Ive been looking at the pescador pro 120. The price is awesome. The videos show the seat as having a reclined and a raised position. Does it go low. Looks to be a decent size yak and is not too heavy. Would you go of shore in it?


----------



## rbecker08 (Dec 7, 2014)

I didn't wind up with that one but I can convey the info I was told....you could go offshore but you would have to really pick your days it is short and wife. But yes the seat goes low and high.


----------



## rbecker08 (Dec 7, 2014)

And didn't read lol you weren't asking me let us know your thoughts redleg


----------



## redleg155 (Feb 28, 2014)

If you look at the specifications you will see that it approximately the same width as the WS ride 115, but just a bit longer. The hull design makes and deck height between the two are the major differences. The WS has more of a pontoon type hull, which makes for great stability, but at a cost of speed. The Pescador Pro has a faster hull design and has a little extra stability, but the cost is that it is not a stand up and fish yak. 

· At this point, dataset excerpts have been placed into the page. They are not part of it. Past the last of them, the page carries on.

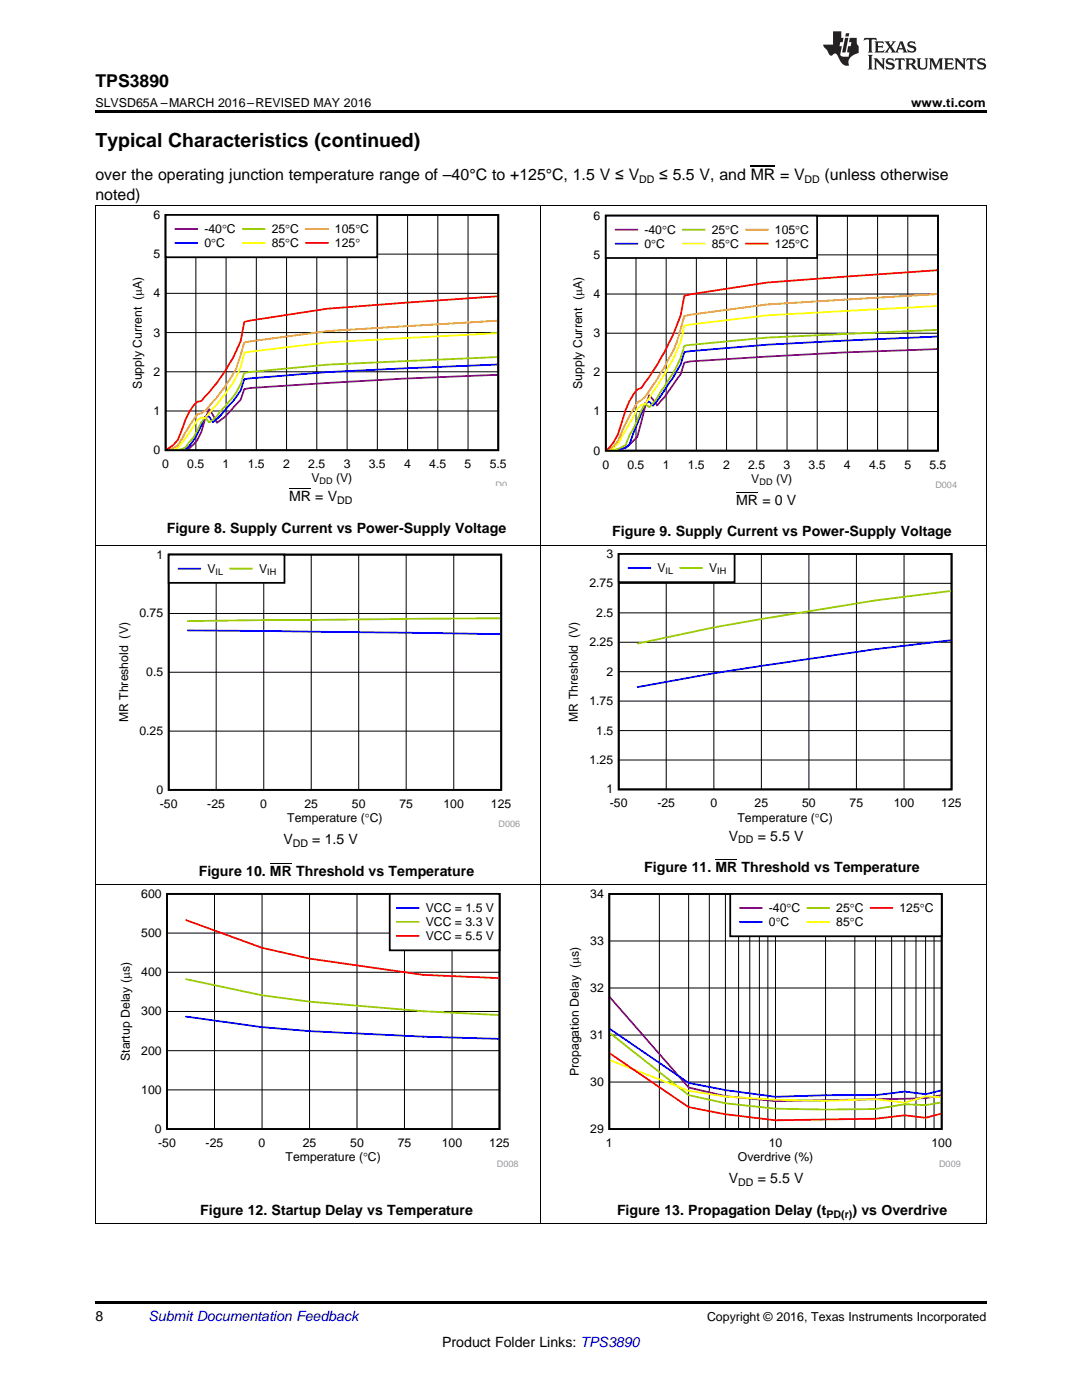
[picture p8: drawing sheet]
<svg xmlns="http://www.w3.org/2000/svg" width="216mm" height="279mm" viewBox="0 0 216 279" stroke-linecap="round" stroke-linejoin="round" font-family="sans-serif">
<path d="M19 244.2h.2zM196.7 244.2h.1zM19 259.7h177.8v.5h-177.8z" fill="#000"/>
<g fill="none" stroke="#000" stroke-width=".2">
<path d="M19.1 176.5v67.7M42.8 178.4v47M52.3 178.4v47M61.8 178.4v47M71.2 178.4v47M80.7 178.4v47M90.2 178.4v47M107.9 176.5v67.7M196.8 176.5v67.7M33.3 194h66.4M33.3 186.2h66.4M33.3 217.5h66.4"/>
<path d="M33.3 209.7h66.4M33.3 201.9h66.4M19 244.2h177.8"/>
</g>
<path d="M33.3 178.4h66.4v46.9h-66.4z" fill="none" stroke="#000" stroke-width=".35"/>
<path d="M37.1 202.9l15.2 2.1 9.5 .8 22.7 1.1 15.1 .4" fill="none" stroke="#00f" stroke-width=".35"/>
<path d="M37.1 195.4l15.2 3.2 9.5 1.3 22.7 1.9 15.1 .8" fill="none" stroke="#9acc00" stroke-width=".35"/>
<path d="M37.1 183.6l15.2 5.6 9.5 2.1 22.7 3.3 15.1 .6" fill="none" stroke="#f00" stroke-width=".35"/>
<path d="M77.8 178.4h21.9v11.3h-21.9z" fill="#fff"/>
<path d="M77.8 178.4h21.9v11.3h-21.9zM121.6 178.4h66.3v46.9h-66.3z" fill="none" stroke="#000" stroke-width=".35"/>
<path d="M79.2 181.2h4.3M121.7 205.3l15.7 10.8 7.3 1.5 10 1.3 10-.3h10l5.8-.8 4.2 .6 3.1-.8" fill="none" stroke="#00f" stroke-width=".35"/>
<path d="M79.2 184h4.3M121.7 206.2l15.7 12.4 7.3 1.6 10 1.1 10 .1 10-.1 5.8-.9 4.2 .2 3.1-.6" fill="none" stroke="#9acc00" stroke-width=".35"/>
<path d="M79.2 186.8h4.3M121.7 210.2l15.7 10.8 7.3 1.4 10 1.2 20-.3 5.8-.7 4.2 .5 3.1-.8" fill="none" stroke="#f00" stroke-width=".35"/>
<g fill="none" stroke="#000" stroke-width=".2">
<path d="M131.6 178.4v47M137.4 178.4v47M141.5 178.4v47M144.7 178.4v47M147.4 178.4v47M149.6 178.4v47M151.5 178.4v47M153.2 178.4v47M154.7 178.4v47M164.7 178.4v47M170.6 178.4v47M174.7 178.4v47"/>
<path d="M177.9 178.4v47M180.5 178.4v47M182.8 178.4v47M184.7 178.4v47M186.4 178.4v47M121.6 197.2h66.3M121.6 187.8h66.3M121.6 215.9h66.3M121.6 206.6h66.3"/>
</g>
<path d="M121.7 199l15.7 18 7.3 1.8 10 .9 30-.5 3.1-.6" fill="none" stroke="#800080" stroke-width=".35"/>
<path d="M121.7 211.6l15.7 6.1 7.3 1.1 10 .7 10 .2 10-.3 5.8 .7 4.2-1.3 3.1 .2" fill="none" stroke="#ff0" stroke-width=".35"/>
<path d="M145.7 178.4h42.2v8.5h-42.2z" fill="#fff"/>
<path d="M33.7 110.7h66.3v46.9h-66.3zM145.7 178.4h42.2v8.5h-42.2z" fill="none" stroke="#000" stroke-width=".35"/>
<path d="M147.7 181.2h4.3" fill="none" stroke="#800080" stroke-width=".35"/>
<path d="M37.5 125.8l62.4 .8M147.7 184h4.3" fill="none" stroke="#00f" stroke-width=".35"/>
<path d="M99.9 123.4l-62.4 .6M161.1 181.2h4.3" fill="none" stroke="#9acc00" stroke-width=".35"/>
<path d="M161.1 184h4.3" fill="none" stroke="#ff0" stroke-width=".35"/>
<path d="M173.7 181.2h4.3" fill="none" stroke="#f00" stroke-width=".35"/>
<g fill="none" stroke="#000" stroke-width=".2">
<path d="M19.1 108.8v67.7M43.1 110.7v47M52.6 110.7v47M62.1 110.7v47M71.6 110.7v47M81 110.7v47M90.5 110.7v47M107.9 108.8v67.7M196.8 108.8v67.7M33.7 134.2h66.3M33.7 122.4h66.3M33.7 145.9h66.3"/>
<path d="M19 176.5h177.8"/>
</g>
<path d="M33.7 110.7h23.1v5.6h-23.1z" fill="#fff"/>
<path d="M33.7 110.7h23.1v5.6h-23.1z" fill="none" stroke="#000" stroke-width=".35"/>
<path d="M35.6 113.5h4.3" fill="none" stroke="#00f" stroke-width=".35"/>
<path d="M46 113.5h4.3" fill="none" stroke="#9acc00" stroke-width=".35"/>
<path d="M123.5 110.6h66.4v46.9h-66.4z" fill="none" stroke="#000" stroke-width=".36"/>
<g fill="none" stroke="#000" stroke-width=".2">
<path d="M123.5 116.4h66.4M132.9 110.6v47M142.4 110.6v47M151.9 110.6v47M161.4 110.6v47M170.9 110.6v47M180.4 110.6v47M123.5 139.9h66.4M123.5 134h66.4M123.5 128.2h66.4M123.5 122.3h66.4M123.5 151.7h66.4"/>
<path d="M123.5 145.8h66.4"/>
</g>
<path d="M189.8 127.8a908.7 908.7 0 0 0-62.5 9.3" fill="none" stroke="#00f" stroke-width=".36"/>
<path d="M189.8 117.9a652.9 652.9 0 0 0-62.5 10.5" fill="none" stroke="#9acc00" stroke-width=".36"/>
<path d="M123.5 110.6h23.1v5.6h-23.1z" fill="#fff"/>
<path d="M123.5 110.6h23.1v5.6h-23.1z" fill="none" stroke="#000" stroke-width=".36"/>
<path d="M125.4 113.3h4.3" fill="none" stroke="#00f" stroke-width=".36"/>
<path d="M135.8 113.3h4.3" fill="none" stroke="#9acc00" stroke-width=".36"/>
<g fill="none" stroke="#000" stroke-width=".2">
<path d="M19.1 41.1v67.7M107.9 41.1v67.7M120.9 58.7h66.3M120.9 50.9h66.3M126.9 43v47M132.9 43v47M139 43v47M145 43v47M151 43v47M157 43v47M163.1 43v47M169.1 43v47"/>
<path d="M175.1 43v47M181.1 43v47M196.8 41.1v67.7M120.9 74.3h66.3M120.9 66.5h66.3M120.9 82.1h66.3M19 108.8h177.8"/>
</g>
<path d="M120.9 43h66.3v46.9h-66.3z" fill="none" stroke="#000" stroke-width=".35"/>
<path d="M187.1 69.7a1102.2 1102.2 0 0 0-49.4 2.4l-1.1 .3-.8 2.3-1.5 2.2a20.3 20.3 0 0 1-3.2 4l-1.5-2-.9 2.3-1.5 6a7.7 7.7 0 0 1-3.8 2.6" fill="none" stroke="#800080" stroke-width=".35"/>
<path d="M187.1 67.2l-34 1.6-16.5 1.4-.8 2.5-1.5 2.7-3.2 4.6-.8 1-.7-.9-.9 .3-3.1 8.4-.7 .6-2.1 .4" fill="none" stroke="#00f" stroke-width=".35"/>
<path d="M187.1 65.8l-34 1.6-16.5 1.6a25.2 25.2 0 0 1-4.8 9.1l-.7 1.3-1.5 1.9-.9-.7-.7 1.3-1.6 3.6-.8 1.4-.7 1.9-1.6 .8-.9 .2" fill="none" stroke="#9acc00" stroke-width=".35"/>
<path d="M187.1 61.1l-34 1.8-16.5 2.1a27.2 27.2 0 0 1-3.9 9.5l-4 6.2-.7 .1-.8 .8-3.2 5.7a3.6 3.6 0 0 1-2.6 2.5" fill="none" stroke="#ff0" stroke-width=".35"/>
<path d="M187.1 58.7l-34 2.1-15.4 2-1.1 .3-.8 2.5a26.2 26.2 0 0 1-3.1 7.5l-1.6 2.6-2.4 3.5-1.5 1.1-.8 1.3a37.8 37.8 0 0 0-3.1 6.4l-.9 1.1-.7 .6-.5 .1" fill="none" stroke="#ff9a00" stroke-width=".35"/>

I've owned both and I definitely would pick the pescador over the two. As for the gulf, I have no reservations about not taking it. I've already been in some serious weather and water conditions with no worries.


----------



## clynch (Aug 15, 2014)

Appreciate the response. I don't believe I'll ever stand. Tried it in a OT predator and didn't like it. High seat is good enough for me. I primarily fish inshore. This yak looks like it will do fine and still go off shore on a nice day. Thanks again for the response, both of you!


----------



## rguidroz (Jan 18, 2014)

*Pescador 120 Pro*

I have the Pescador Pro 120, and I love it. Ive been in the seat for 6 plus hours and not tired at all, I put a fish finder on it, and its a fishing Machine, its wide but light for its size. I load it on top my SUV with no problems. No complaints. I'm a happy customer!


----------